NEWS PHOTO Cypress County Reeve Dan Hamilton pictured at the county offices in Dunmore on January 21, 2020.
Cypress County has not seen a major increase in unpaid property tax bill from oilpatch companies, Reeve Dan Hamilton told the News on Tuesday, a day after reports that bills had ballooned across the province.
Hamilton does however, say the county is keeping a close eye on revenue, budgets and how the province is handling a tax review of “linear” property, like wells and pipelines, and which provides more than half the county’s tax revenue.
“Fortunately we don’t have a lot of unpaid property tax,” said Hamilton. “We haven’t got any definite (regarding the assessment review), but council is always looking at where we are going and what we’re doing. We’ve tried to maintain the same level of service that we’ve always given our ratepayers. That’s our focus.”
Hamilton said final figures from the 2019 tax season (which ended in mid-November) where not available. The two largest accounts though, are keeping pace with a special payment plan devised in the fall.
However, the assessment base, which determines taxation levels and bills, will likely be in flux until at least 2021.
That situation, according to a lobby group made up of counties and municipal districts, is putting heavy strain on rural communities.
“If Alberta’s property tax system is not amended to prevent oil and gas companies from refusing to pay property taxes, many rural municipalities will struggle to remain viable,” said Al Kemmere, president of RMA.
The Rural Municipalities of Alberta announced on Monday that unpaid tax bills, now totalling $173 million for its 69 members, are up from $81 million in 2019. Recent court rulings have put municipalities behind secured creditors and well abandonment needs for bankrupt companies.
Uncertainty from the province on tax system is aggravating the situation, Kemmere stated in a release.

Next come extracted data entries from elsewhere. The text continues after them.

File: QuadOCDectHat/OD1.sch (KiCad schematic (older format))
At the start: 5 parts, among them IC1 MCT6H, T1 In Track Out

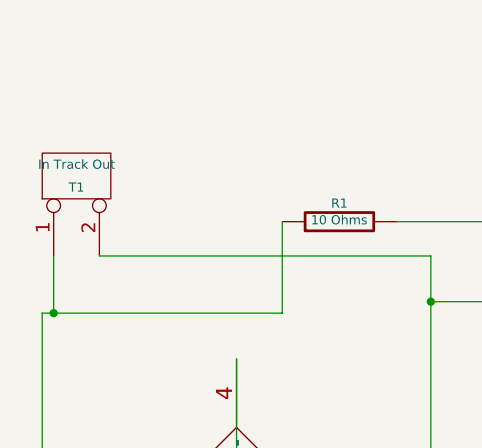
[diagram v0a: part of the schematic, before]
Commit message: Tweak PCB Silk Screen for QuadOCDetHat.
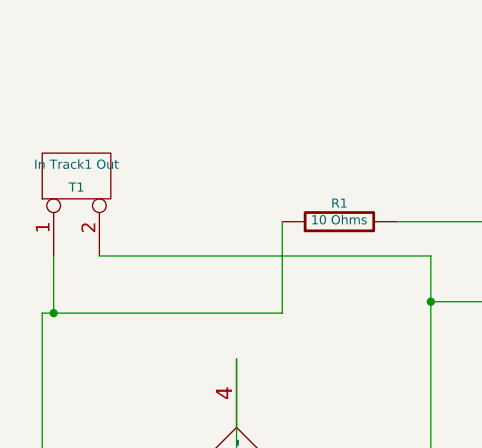
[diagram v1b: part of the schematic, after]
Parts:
- T1: value In Track Out -> In Track1 Out
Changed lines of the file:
@@
 $Descr A4 11693 8268
 encoding utf-8
-Sheet 3 5
+Sheet 2 5
 Title ""
-Date "23 feb 2019"
+Date "24 feb 2019"
 Rev ""
 Comp ""
@@
 AR Path="/5C70AEE5/5C70A943" Ref="T1"  Part="1"
 F 0 "T1" V 1300 1300 40  0000 C CNN
-F 1 "In Track Out" V 1400 1300 40  0000 C CNN
+F 1 "In Track1 Out" V 1400 1300 40  0000 C CNN
 F 2 "~" H 1350 1300 60  0000 C CNN
 F 3 "~" H 1350 1300 60  0000 C CNN

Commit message: Add Part numbers for OC HAT
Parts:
- D1: Mouser Part Number (none) -> 750-KBL401-G
- IC1: Mouser Part Number (none) -> 782-MCT6H
- R1: Mouser Part Number (none) -> CFR-25JR-52-10R
- R2: Mouser Part Number (none) -> 603-CFR-25JB-52-10K
- T1: Mouser Part Number (none) -> 649-220316-H021B01LF
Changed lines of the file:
@@
 Sheet 2 5
 Title ""
-Date "24 feb 2019"
+Date "2 jun 2019"
 Rev ""
 Comp ""
@@
 F 2 "~" H 1350 1300 60  0000 C CNN
 F 3 "~" H 1350 1300 60  0000 C CNN
+F 4 "649-220316-H021B01LF" H 1350 1300 60  0001 C CNN "Mouser Part Number"
 	1    1350 1300
 	0    -1   -1   0
@@
 F 2 "~" V 2430 1500 30  0000 C CNN
 F 3 "~" H 2500 1500 30  0000 C CNN
+F 4 "CFR-25JR-52-10R" H 2500 1500 60  0001 C CNN "Mouser Part Number"
 	1    2500 1500
 	0    -1   -1   0
@@
 F 2 "DIP-8__300" H 3540 1420 30  0001 C CIN
 F 3 "~" H 3700 1600 60  0000 C CNN
+F 4 "782-MCT6H " H 3700 1600 60  0001 C CNN "Mouser Part Number"
 	1    3700 1600
 	1    0    0    -1
@@
 F 2 "DIP-8__300" H 3540 1970 30  0001 C CIN
 F 3 "~" H 3700 2150 60  0000 C CNN
+F 4 "782-MCT6H " H 3700 2150 60  0001 C CNN "Mouser Part Number"
 	2    3700 2150
 	1    0    0    -1
@@
 F 2 "~" V 4230 1100 30  0000 C CNN
 F 3 "~" H 4300 1100 30  0000 C CNN
+F 4 "603-CFR-25JB-52-10K" H 4300 1100 60  0001 C CNN "Mouser Part Number"
 	1    4300 1100
 	1    0    0    -1
@@
 F 2 "~" H 2050 2950 60  0000 C CNN
 F 3 "~" H 2050 2950 60  0000 C CNN
+F 4 "750-KBL401-G" H 2050 2950 60  0001 C CNN "Mouser Part Number"
 	1    2050 2950
 	0    1    1    0

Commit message: QuadOCDectHat updates
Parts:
- R1, R2: symbol R -> R-RESCUE-QuadOCDectHat
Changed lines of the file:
@@
 EESchema Schematic File Version 2
+LIBS:QuadOCDectHat-rescue
 LIBS:power
 LIBS:device
@@
 LIBS:memory
 LIBS:xilinx
-LIBS:special
 LIBS:microcontrollers
 LIBS:dsp
@@
 LIBS:bridge
 LIBS:QuadOCDectHat-cache
-EELAYER 27 0
+EELAYER 25 0
 EELAYER END
 $Descr A4 11693 8268
@@
 $EndComp
 $Comp
-L R R1
+L R-RESCUE-QuadOCDectHat R1
 U 1 1 5C70A952
 P 2500 1500
@@
 $EndComp
 $Comp
-L R R2
+L R-RESCUE-QuadOCDectHat R2
 U 1 1 5C70A98C
 P 4300 1100
@@
 Connection ~ 4300 1500
 $Comp
-L +3.3V #PWR03
+L +3.3V-RESCUE-QuadOCDectHat #PWR03
 U 1 1 5C70AC29
 P 4300 750
 AR Path="/5C70A8FB/5C70AC29" Ref="#PWR03"  Part="1"
 AR Path="/5C70AEE5/5C70AC29" Ref="#PWR?"  Part="1"
+AR Path="/5C70AC29" Ref="#PWR03"  Part="1"
 F 0 "#PWR03" H 4300 710 30  0001 C CNN
 F 1 "+3.3V" H 4300 860 30  0000 C CNN
@@
 	4300 750  4300 850
 $Comp
-L GND #PWR04
+L GND-RESCUE-QuadOCDectHat #PWR04
 U 1 1 5C70AC50
 P 4200 2450
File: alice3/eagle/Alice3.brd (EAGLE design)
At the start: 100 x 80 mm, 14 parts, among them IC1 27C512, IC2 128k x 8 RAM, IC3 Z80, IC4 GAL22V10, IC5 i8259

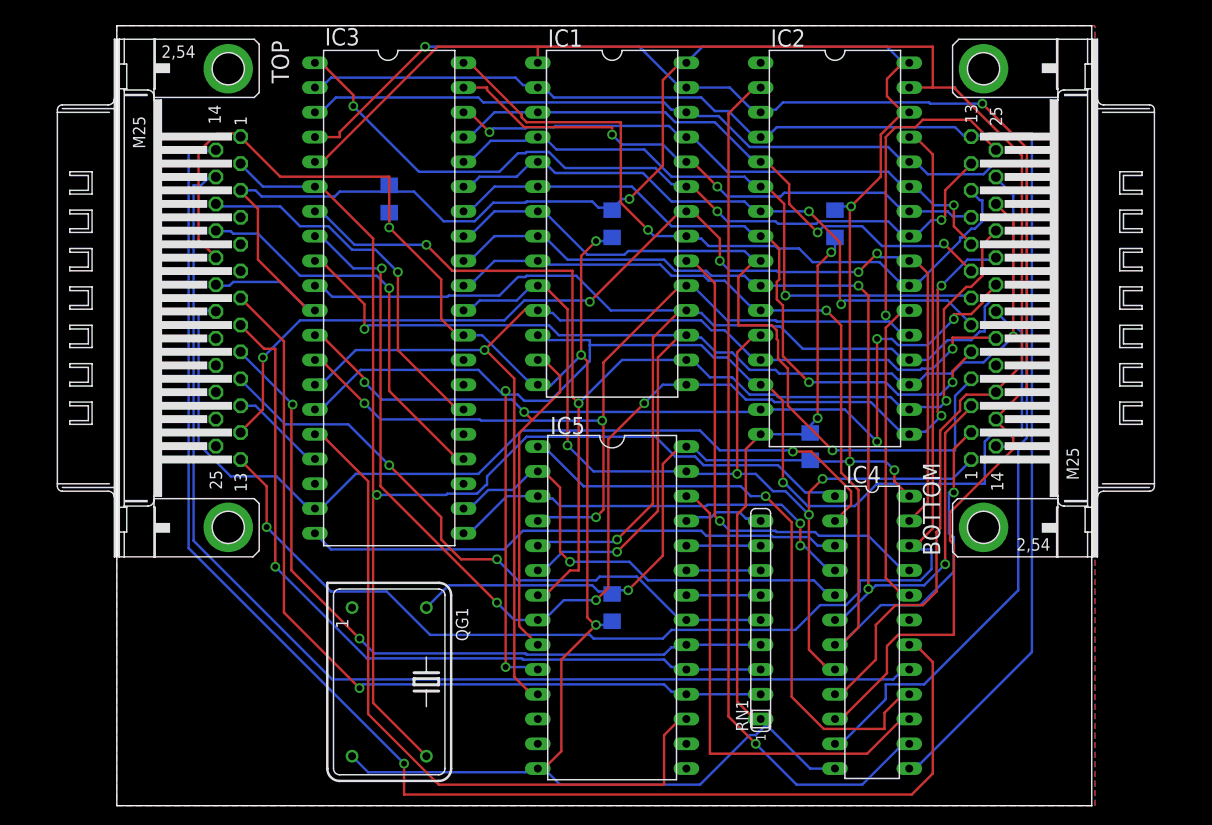
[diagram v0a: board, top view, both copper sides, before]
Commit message: New version - Added '*' to active-low signal names (e.g. RESET*) - Connected RESET* and M1 to GAL - More decoupling caps! - Moved some components around on PCB - Remove unused .pro file
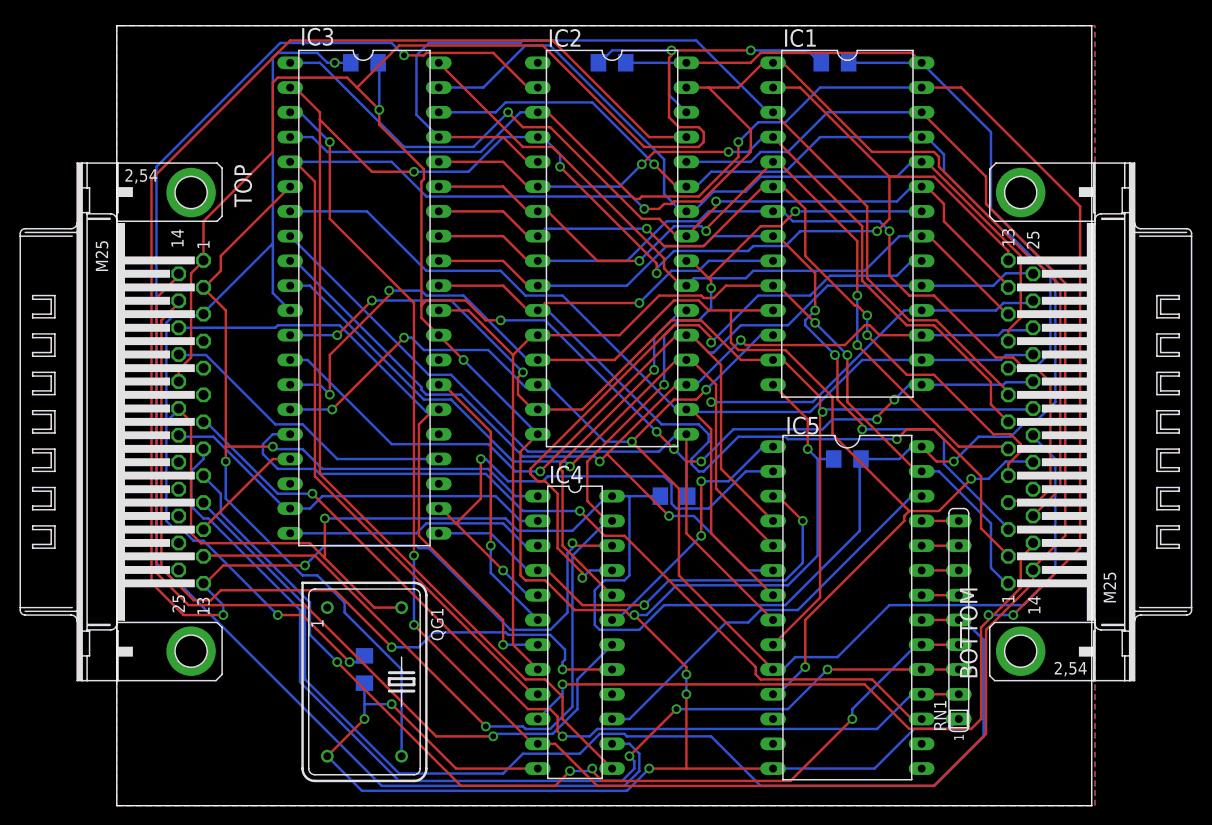
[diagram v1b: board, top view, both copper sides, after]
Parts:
- added C6: 0.1uF, resistor:C1206
- moved IC4 30.5 mm to (47.0, 17.8)
- moved IC1 24.1 mm to (74.9, 59.7)
- moved IC5 24.1 mm to (74.9, 20.3)
- moved IC2 22.9 mm to (50.8, 57.1)
- moved RN1 20.3 mm to (86.4, 19.1)
- moved C2 16.5 mm to (50.8, 76.2), turned to 0 degrees
- moved C4 16.5 mm to (73.7, 76.2), turned to 0 degrees
- moved C1 14.2 mm to (25.4, 76.2), turned to 180 degrees
- moved BOTTOM 13.3 mm to (92.7, 39.4)
- moved TOP 13.3 mm to (7.62, 39.4)
- moved C3 13.1 mm to (57.1, 31.8), turned to 180 degrees
- moved C5 4.02 mm to (74.9, 35.6), turned to 0 degrees
- moved IC3 2.54 mm to (25.4, 52.1)
- moved QG1 2.54 mm to (25.4, 12.7)
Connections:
- net BUSAK renamed BUSAK*
- net BUSRQ renamed BUSRQ*
- net INT renamed INT*
- net IRQ_CLR* renamed INTA*
- removed net M1: IC3.27
- removed net RESET: IC3.26, TOP.16
- new net M1*: IC3.27, IC4.6
- new net RESET*: IC3.26, IC4.7, TOP.16
- net A1: no longer IC4.7
- net A2: no longer IC4.6
- net CS_8259*: now also IC4.19; no longer IC4.16
- net GND: now also C6.2
- net VCC: now also C6.1
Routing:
- net GND: track 249.3 -> 396.0 mm, vias 6 -> 14
- net VCC: track 227.2 -> 341.0 mm
- net A13: track 149.8 -> 225.6 mm, vias 0 -> 3
- net RESET*: track 0.00 -> 63.0 mm, vias 0 -> 1
- net BANK: track 89.4 -> 151.7 mm
- net A14: track 155.1 -> 215.5 mm, vias 2 -> 4
- net IO_R*: track 148.1 -> 91.0 mm
- net IRQ3: track 65.3 -> 119.1 mm, vias 2 -> 0
- net MREQ*: track 95.0 -> 41.6 mm, vias 1 -> 0
- net A12: track 148.3 -> 193.2 mm, vias 0 -> 4
- net A15: track 156.1 -> 200.0 mm, vias 0 -> 1
- net MEM_W*: track 134.0 -> 174.1 mm, vias 1 -> 3
- net A7: track 61.8 -> 101.4 mm, vias 2 -> 0
- net RESET: track 39.1 -> 0.00 mm, vias 1 -> 0
- net IO_W*: track 118.9 -> 82.3 mm, vias 0 -> 2
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- added copper zone on layer 1, net N$100
- added copper zone on layer 16, net N$200
- removed copper zone on layer 16, net N$2
- removed copper zone on layer 1, net N$3

“Municipalities … need similar support from government and industry to remain viable and serve rural Alberta’s businesses and residents,” it read.
Cypress County budgeted to collect a grand total of $22.4 million in tax revenue in 2019, including $12 million from linear assessment property (wells, pipelines and power lines).
Last year in June, Alberta Municipal Affairs announced it would provide $24 million to municipalities that cancelled the education portion on bills for some shallow natural gas wells and related pipelines.
That was to help stabilize losses for oilpatch companies until a review of how the wells are assessed takes place, assumedly leading to lower values and therefore lower bills if mill rates remained the same.
Cypress County’s share of the 2019 shallow gas program totalled $1.6 million – money that was remitted by the province under a program that calls for the 2020 shortfall to be made up by municipalities.
Swann protests ‘tax revolt’
In response, former Alberta Liberal Leader David Swann, the former chief medical officer for Medicine Hat, is set to announce that he is prepared to withhold paying his provincial tax this year to highlight the double standard.
A joint press conference is scheduled for Wednesday with the Alberta Liabilities Disclosure Project, a group that argues the energy sector is not doing enough to meet its responsibility related to taxation and well-abandonment.